> **Provided material**:
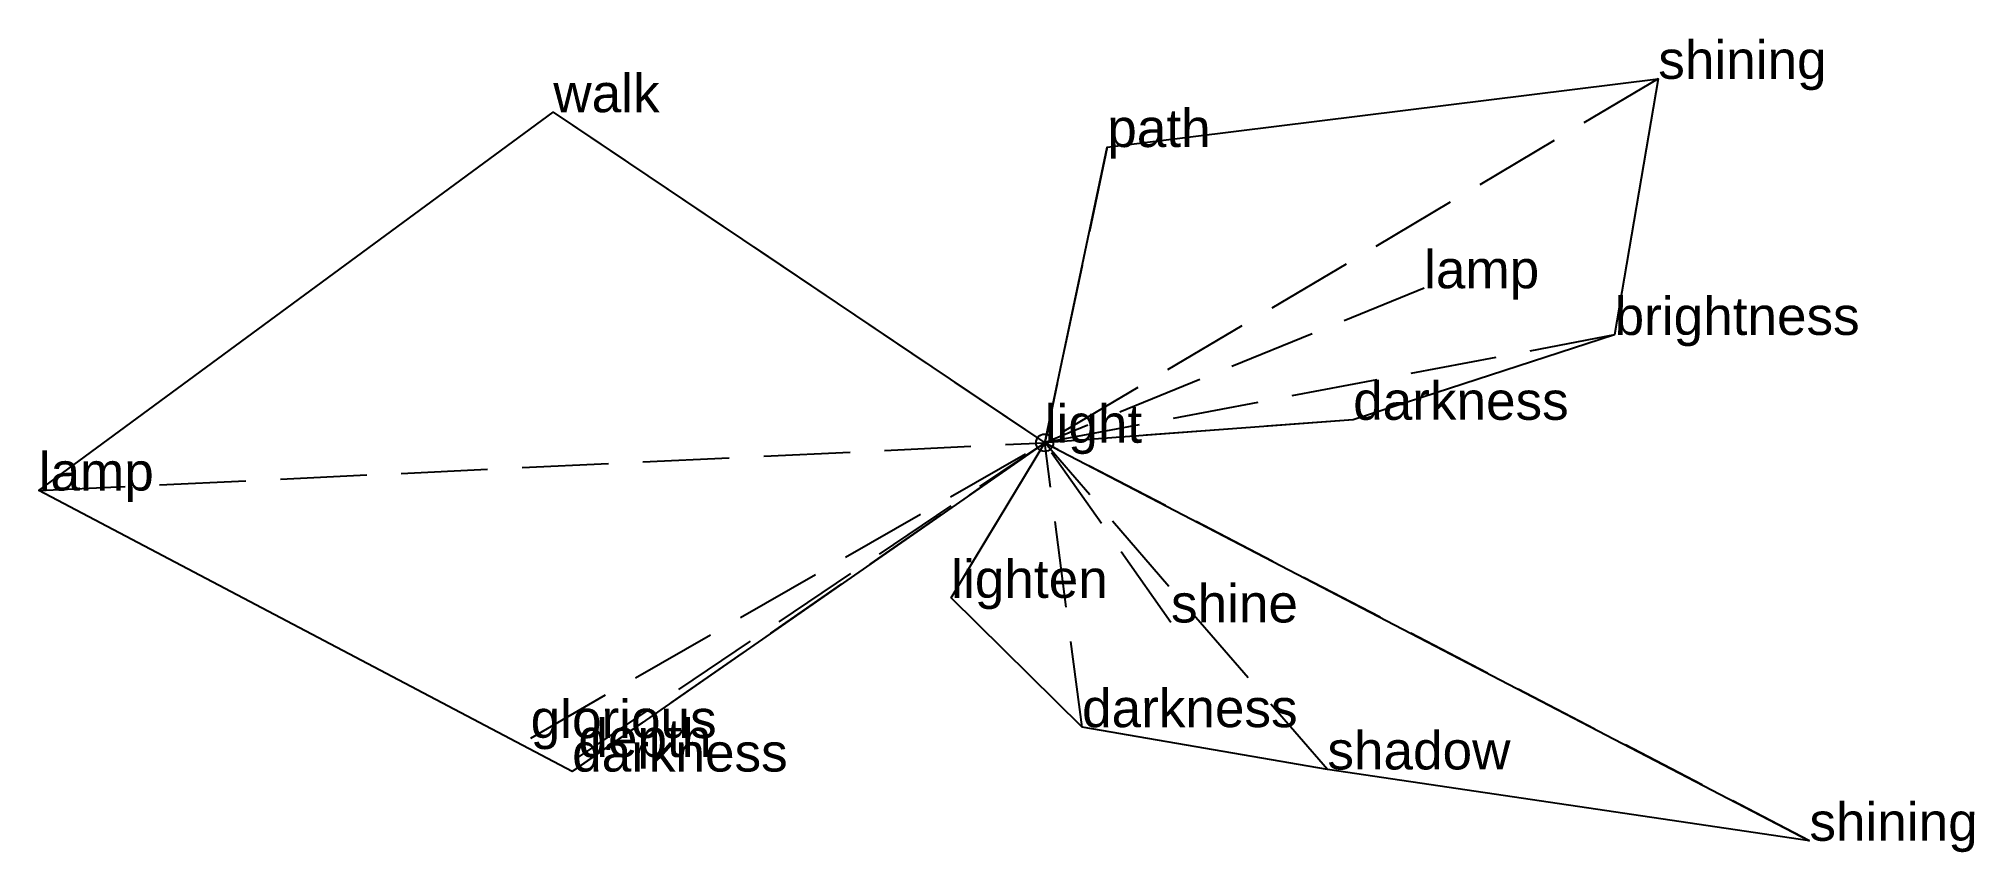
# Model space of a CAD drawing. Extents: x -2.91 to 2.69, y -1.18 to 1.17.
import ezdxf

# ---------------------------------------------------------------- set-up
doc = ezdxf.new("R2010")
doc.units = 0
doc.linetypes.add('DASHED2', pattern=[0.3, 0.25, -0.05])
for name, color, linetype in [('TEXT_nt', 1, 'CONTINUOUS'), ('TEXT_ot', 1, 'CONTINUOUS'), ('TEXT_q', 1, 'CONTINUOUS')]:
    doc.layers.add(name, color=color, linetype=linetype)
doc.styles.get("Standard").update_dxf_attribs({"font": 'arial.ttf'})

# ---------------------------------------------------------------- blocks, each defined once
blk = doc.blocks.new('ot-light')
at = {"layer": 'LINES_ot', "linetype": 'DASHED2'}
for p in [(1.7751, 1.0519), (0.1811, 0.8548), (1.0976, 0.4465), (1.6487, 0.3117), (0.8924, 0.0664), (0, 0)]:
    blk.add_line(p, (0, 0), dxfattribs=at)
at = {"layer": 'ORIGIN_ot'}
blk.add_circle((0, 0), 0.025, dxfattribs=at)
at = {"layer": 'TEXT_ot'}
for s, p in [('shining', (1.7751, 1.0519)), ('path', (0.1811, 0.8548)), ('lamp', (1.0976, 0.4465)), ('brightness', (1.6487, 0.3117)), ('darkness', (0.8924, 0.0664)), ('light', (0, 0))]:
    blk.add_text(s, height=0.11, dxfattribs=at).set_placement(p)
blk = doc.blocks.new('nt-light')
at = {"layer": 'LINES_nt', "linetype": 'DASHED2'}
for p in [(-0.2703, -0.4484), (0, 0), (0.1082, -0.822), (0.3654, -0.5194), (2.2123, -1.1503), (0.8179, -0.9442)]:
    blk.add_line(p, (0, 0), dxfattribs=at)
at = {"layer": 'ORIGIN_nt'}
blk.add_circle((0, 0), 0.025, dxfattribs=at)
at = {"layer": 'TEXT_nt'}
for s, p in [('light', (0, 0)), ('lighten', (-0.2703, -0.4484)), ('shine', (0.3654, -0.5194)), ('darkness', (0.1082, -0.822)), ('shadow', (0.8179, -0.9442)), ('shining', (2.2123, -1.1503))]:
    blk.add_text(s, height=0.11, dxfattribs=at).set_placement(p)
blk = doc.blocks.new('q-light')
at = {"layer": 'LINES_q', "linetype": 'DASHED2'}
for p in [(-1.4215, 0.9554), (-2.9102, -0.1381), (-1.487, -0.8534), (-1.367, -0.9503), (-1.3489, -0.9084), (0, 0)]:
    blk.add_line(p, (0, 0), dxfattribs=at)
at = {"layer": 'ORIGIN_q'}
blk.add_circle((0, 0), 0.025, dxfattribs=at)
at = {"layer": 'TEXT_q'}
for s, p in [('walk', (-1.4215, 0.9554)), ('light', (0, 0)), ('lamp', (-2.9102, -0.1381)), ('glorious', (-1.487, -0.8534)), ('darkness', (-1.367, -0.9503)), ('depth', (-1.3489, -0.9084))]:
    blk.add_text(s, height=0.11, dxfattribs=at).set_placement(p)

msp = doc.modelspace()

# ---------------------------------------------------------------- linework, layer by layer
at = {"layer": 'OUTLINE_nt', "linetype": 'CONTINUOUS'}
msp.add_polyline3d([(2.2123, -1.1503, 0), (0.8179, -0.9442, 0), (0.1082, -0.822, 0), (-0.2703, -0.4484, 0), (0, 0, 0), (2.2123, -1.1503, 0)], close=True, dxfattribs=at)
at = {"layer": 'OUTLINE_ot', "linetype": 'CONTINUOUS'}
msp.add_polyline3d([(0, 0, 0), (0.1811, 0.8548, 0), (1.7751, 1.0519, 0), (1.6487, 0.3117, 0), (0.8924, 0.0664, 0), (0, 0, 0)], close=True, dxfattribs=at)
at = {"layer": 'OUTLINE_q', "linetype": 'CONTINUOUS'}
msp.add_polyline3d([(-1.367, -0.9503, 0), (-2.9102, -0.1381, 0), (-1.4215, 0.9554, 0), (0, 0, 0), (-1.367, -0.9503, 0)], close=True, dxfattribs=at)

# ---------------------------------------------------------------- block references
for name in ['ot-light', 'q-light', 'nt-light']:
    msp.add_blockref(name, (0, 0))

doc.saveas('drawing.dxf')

> **To do**:
Return a verbatim transcription of the data, omitting all images.

> **Solution to this problem**:
# Model space of a CAD drawing. Extents: x -2.91 to 2.69, y -1.18 to 1.17.
import ezdxf

# ---------------------------------------------------------------- set-up
doc = ezdxf.new("R2010")
doc.units = 0
doc.linetypes.add('DASHED2', pattern=[0.3, 0.25, -0.05])
for name, color, linetype in [('TEXT_nt', 1, 'CONTINUOUS'), ('TEXT_ot', 1, 'CONTINUOUS'), ('TEXT_q', 1, 'CONTINUOUS')]:
    doc.layers.add(name, color=color, linetype=linetype)
doc.styles.get("Standard").update_dxf_attribs({"font": 'arial.ttf'})

# ---------------------------------------------------------------- blocks, each defined once
blk = doc.blocks.new('ot-light')
at = {"layer": 'LINES_ot', "linetype": 'DASHED2'}
for p in [(1.7751, 1.0519), (0.1811, 0.8548), (1.0976, 0.4465), (1.6487, 0.3117), (0.8924, 0.0664), (0, 0)]:
    blk.add_line(p, (0, 0), dxfattribs=at)
at = {"layer": 'ORIGIN_ot'}
blk.add_circle((0, 0), 0.025, dxfattribs=at)
at = {"layer": 'TEXT_ot'}
for s, p in [('shining', (1.7751, 1.0519)), ('path', (0.1811, 0.8548)), ('lamp', (1.0976, 0.4465)), ('brightness', (1.6487, 0.3117)), ('darkness', (0.8924, 0.0664)), ('light', (0, 0))]:
    blk.add_text(s, height=0.11, dxfattribs=at).set_placement(p)
blk = doc.blocks.new('nt-light')
at = {"layer": 'LINES_nt', "linetype": 'DASHED2'}
for p in [(-0.2703, -0.4484), (0, 0), (0.1082, -0.822), (0.3654, -0.5194), (2.2123, -1.1503), (0.8179, -0.9442)]:
    blk.add_line(p, (0, 0), dxfattribs=at)
at = {"layer": 'ORIGIN_nt'}
blk.add_circle((0, 0), 0.025, dxfattribs=at)
at = {"layer": 'TEXT_nt'}
for s, p in [('light', (0, 0)), ('lighten', (-0.2703, -0.4484)), ('shine', (0.3654, -0.5194)), ('darkness', (0.1082, -0.822)), ('shadow', (0.8179, -0.9442)), ('shining', (2.2123, -1.1503))]:
    blk.add_text(s, height=0.11, dxfattribs=at).set_placement(p)
blk = doc.blocks.new('q-light')
at = {"layer": 'LINES_q', "linetype": 'DASHED2'}
for p in [(-1.4215, 0.9554), (-2.9102, -0.1381), (-1.487, -0.8534), (-1.367, -0.9503), (-1.3489, -0.9084), (0, 0)]:
    blk.add_line(p, (0, 0), dxfattribs=at)
at = {"layer": 'ORIGIN_q'}
blk.add_circle((0, 0), 0.025, dxfattribs=at)
at = {"layer": 'TEXT_q'}
for s, p in [('walk', (-1.4215, 0.9554)), ('light', (0, 0)), ('lamp', (-2.9102, -0.1381)), ('glorious', (-1.487, -0.8534)), ('darkness', (-1.367, -0.9503)), ('depth', (-1.3489, -0.9084))]:
    blk.add_text(s, height=0.11, dxfattribs=at).set_placement(p)

msp = doc.modelspace()

# ---------------------------------------------------------------- linework, layer by layer
at = {"layer": 'OUTLINE_nt', "linetype": 'CONTINUOUS'}
msp.add_polyline3d([(2.2123, -1.1503, 0), (0.8179, -0.9442, 0), (0.1082, -0.822, 0), (-0.2703, -0.4484, 0), (0, 0, 0), (2.2123, -1.1503, 0)], close=True, dxfattribs=at)
at = {"layer": 'OUTLINE_ot', "linetype": 'CONTINUOUS'}
msp.add_polyline3d([(0, 0, 0), (0.1811, 0.8548, 0), (1.7751, 1.0519, 0), (1.6487, 0.3117, 0), (0.8924, 0.0664, 0), (0, 0, 0)], close=True, dxfattribs=at)
at = {"layer": 'OUTLINE_q', "linetype": 'CONTINUOUS'}
msp.add_polyline3d([(-1.367, -0.9503, 0), (-2.9102, -0.1381, 0), (-1.4215, 0.9554, 0), (0, 0, 0), (-1.367, -0.9503, 0)], close=True, dxfattribs=at)

# ---------------------------------------------------------------- block references
for name in ['ot-light', 'q-light', 'nt-light']:
    msp.add_blockref(name, (0, 0))

doc.saveas('drawing.dxf')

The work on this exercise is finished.